O secretário da Defesa norte-americano, Donald Rumsfeld, disse recentemente que os Estados Unidos se reservam "todas as opções", incluindo a militar, na crise nuclear iraniana.
"Se eles (EUA) cometerem um disparate ainda maior que o do ataque ao Iraque, as forças armadas e o povo iraniano estão prontos a defender-se e a lançar uma acção ofensiva", sublinhou o general iraniano.
Adiantou que o domínio da tecnologia nuclear civil é "uma exigência nacional dos iranianos, e os norte-americanos e europeus opõem-se à vontade do povo iraniano" ao exigirem que Teerão renuncie ao seu programa de enriquecimento de urânio.
Nos últimos meses, a imprensa ocidental evocou a eventualidade de ataques militares contra instalações nucleares iranianas, a realizar pelos Estados Unidos e Israel.
O Corpo dos Guardas da Revolução foi criado após a Revolução islâmica de 1979. Dispõe de meios militares muito importantes, em particular os famosos mísseis Shahab-3, com um alcance de mais de 2.000 quilómetros, capazes de atingir Israel e as bases norte- americanas no Médio Oriente.
Em 28 de Janeiro, o general Rahim-Safavi afirmara que o Irão poderia utilizar os seus mísseis balísticos no caso de ser atacado.
"O Irão possui um míssil balístico com um alcance de 2.000 quilómetros. Não temos a intenção de atacar qualquer país, mas, se formos atacados, possuímos a capacidade para responder eficazmente. A nossa política é defensiva", disse o general, referindo-se aos Shahab- 3.
Desconhece-se o número de mísseis de que o Irão dispõe.
Teerão sofre pressões crescentes da parte da comunidade internacional, com Estados Unidos e Israel à cabeça, que o acusa de procurar dotar-se da arma nuclear, a coberto das suas pesquisas sobre a tecnologia do combustível nuclear, o que o Irão desmente categoricamente.
Em 04 de Fevereiro, o conselho de governadores da Agência Internacional de Energia Atómica (AIEA) adoptou uma resolução, apresentada pelos países europeus e apoiada pelos Estados Unidos, Rússia e China, solicitando que o Conselho de Segurança das Nações Unidas seja informado do processo nuclear iraniano.
Esta resolução exige também que o Irão suspenda todas as suas actividades relacionadas com o enriquecimento de urânio.
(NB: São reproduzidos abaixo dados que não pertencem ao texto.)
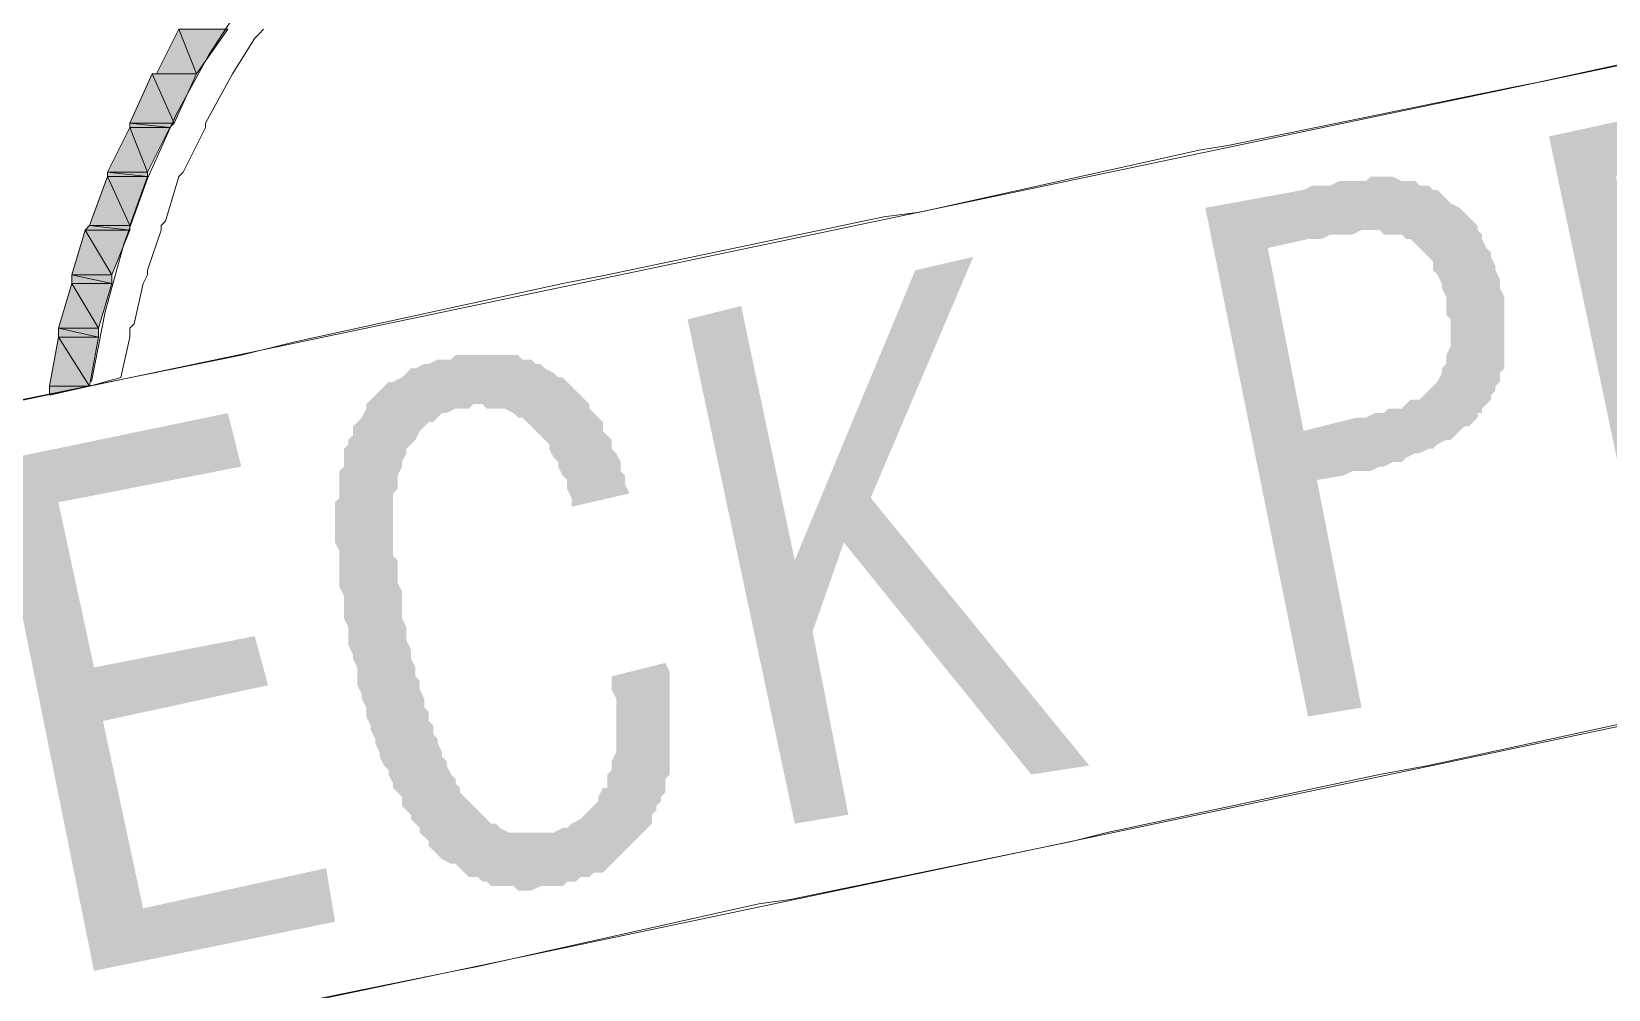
# Model space of a CAD drawing. Header units: millimetres. Extents: x 29 to 95071, y 20 to 67221.
# Drawn here: x 88989 to 90740, y 12623 to 13687 of the extents above; entities that cross this region are included whole.
import ezdxf

# ---------------------------------------------------------------- set-up
doc = ezdxf.new("R2010")
doc.units = ezdxf.units.MM

msp = doc.modelspace()

# ---------------------------------------------------------------- hatches: boundary and pattern name
h = msp.add_hatch(color=7)
h.paths.add_polyline_path([(89207.2, 13689.9), (89152.7, 13689.9), (89172.5, 13640.3)])
h.paths.add_polyline_path([(89152.7, 13689.9), (89172.5, 13640.3), (89127.9, 13640.3)])
h = msp.add_hatch(color=7)
h.paths.add_polyline_path([(89172.5, 13640.3), (89123, 13640.3), (89147.7, 13585.8)])
h.paths.add_polyline_path([(89123, 13640.3), (89147.7, 13585.8), (89098.2, 13585.8)])
h = msp.add_hatch(color=7)
h.paths.add_polyline_path([(89172.5, 13640.3), (89127.9, 13640.3)])
h.paths.add_polyline_path([(89127.9, 13640.3), (89172.5, 13640.3), (89123, 13640.3)])
h = msp.add_hatch(color=7)
h.paths.add_polyline_path([(90793.3, 13005.9), (90674.4, 13570.9), (90788.4, 13595.7), (90798.3, 13595.7), (90808.2, 13595.7), (90818.1, 13600.7), (90823, 13600.7), (90833, 13600.7), (90842.9, 13600.7), (90847.8, 13600.7), (90857.7, 13600.7), (90862.7, 13600.7), (90872.6, 13600.7), (90877.6, 13600.7), (90887.5, 13600.7), (90892.4, 13600.7), (90897.4, 13595.7), (90907.3, 13595.7), (90912.3, 13595.7), (90917.2, 13590.8), (90922.2, 13590.8), (90927.1, 13590.8), (90932.1, 13585.8), (90937, 13585.8), (90942, 13580.9), (90947, 13575.9), (90956.9, 13570.9), (90961.8, 13566), (90961.8, 13561), (90966.8, 13556.1), (90971.7, 13551.1), (90976.7, 13546.2), (90981.7, 13541.2), (90981.7, 13531.3), (90986.6, 13526.3), (90991.6, 13521.4), (90991.6, 13511.5), (90996.5, 13501.6), (90996.5, 13496.6), (91001.5, 13486.7), (91001.5, 13476.8), (91001.5, 13471.8), (91001.5, 13461.9), (91006.4, 13452), (91006.4, 13447), (91006.4, 13437.1), (91006.4, 13432.2), (91001.5, 13422.2), (91001.5, 13417.3), (91001.5, 13412.3), (91001.5, 13402.4), (90996.5, 13397.5), (90996.5, 13392.5), (90991.6, 13387.6), (90991.6, 13377.6), (90986.6, 13372.7), (90981.7, 13367.7), (90976.7, 13362.8), (90971.7, 13357.8), (90966.8, 13352.9), (90961.8, 13347.9), (90956.9, 13342.9), (90951.9, 13338), (90947, 13338), (90951.9, 13338), (90961.8, 13338), (90966.8, 13333), (90976.7, 13333), (90981.7, 13328.1), (90986.6, 13328.1), (90991.6, 13323.1), (91001.5, 13318.2), (91001.5, 13313.2), (91006.4, 13308.2), (91011.4, 13303.3), (91016.4, 13298.3), (91016.4, 13293.4), (91021.3, 13288.4), (91026.3, 13283.5), (91026.3, 13273.6), (91031.2, 13268.6), (91036.2, 13258.7), (91036.2, 13253.7), (91041.1, 13243.8), (91041.1, 13233.9), (91041.1, 13228.9), (91046.1, 13224), (91046.1, 13219), (91046.1, 13214.1), (91051, 13204.2), (91051, 13194.2), (91056, 13189.3), (91056, 13184.3), (91056, 13174.4), (91061, 13164.5), (91065.9, 13154.6), (91065.9, 13144.7), (91070.9, 13134.8), (91070.9, 13129.8), (91075.8, 13119.9), (91075.8, 13114.9), (91080.8, 13110), (91085.7, 13100.1), (91085.7, 13095.1), (91090.7, 13090.2), (91095.7, 13085.2), (91095.7, 13080.2), (91100.6, 13075.3), (91105.6, 13075.3), (91105.6, 13070.3), (91041.1, 13060.4), (91036.2, 13065.4), (91031.2, 13065.4), (91031.2, 13070.3), (91026.3, 13075.3), (91026.3, 13080.2), (91021.3, 13090.2), (91021.3, 13095.1), (91016.4, 13105), (91011.4, 13110), (91011.4, 13119.9), (91006.4, 13129.8), (91006.4, 13139.7), (91001.5, 13149.6), (90996.5, 13159.6), (90996.5, 13169.5), (90996.5, 13179.4), (90991.6, 13184.3), (90991.6, 13194.2), (90991.6, 13199.2), (90986.6, 13209.1), (90981.7, 13219), (90981.7, 13228.9), (90976.7, 13233.9), (90976.7, 13243.8), (90971.7, 13248.8), (90966.8, 13258.7), (90966.8, 13263.6), (90961.8, 13268.6), (90956.9, 13273.6), (90956.9, 13278.5), (90951.9, 13283.5), (90947, 13283.5), (90942, 13288.4), (90937, 13288.4), (90932.1, 13293.4), (90927.1, 13293.4), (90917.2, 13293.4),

O Irão reagiu a esta resolução decidindo retomar as actividades de enriquecimento nas suas instalações de Natanz.
O conselho de governadores reúne-se de novo em 06 de Março e, desta vez, deverá decidir a transferência do processo para o Conselho de Segurança, que poderá então tomar todas as decisões relacionadas com o caso.
RP.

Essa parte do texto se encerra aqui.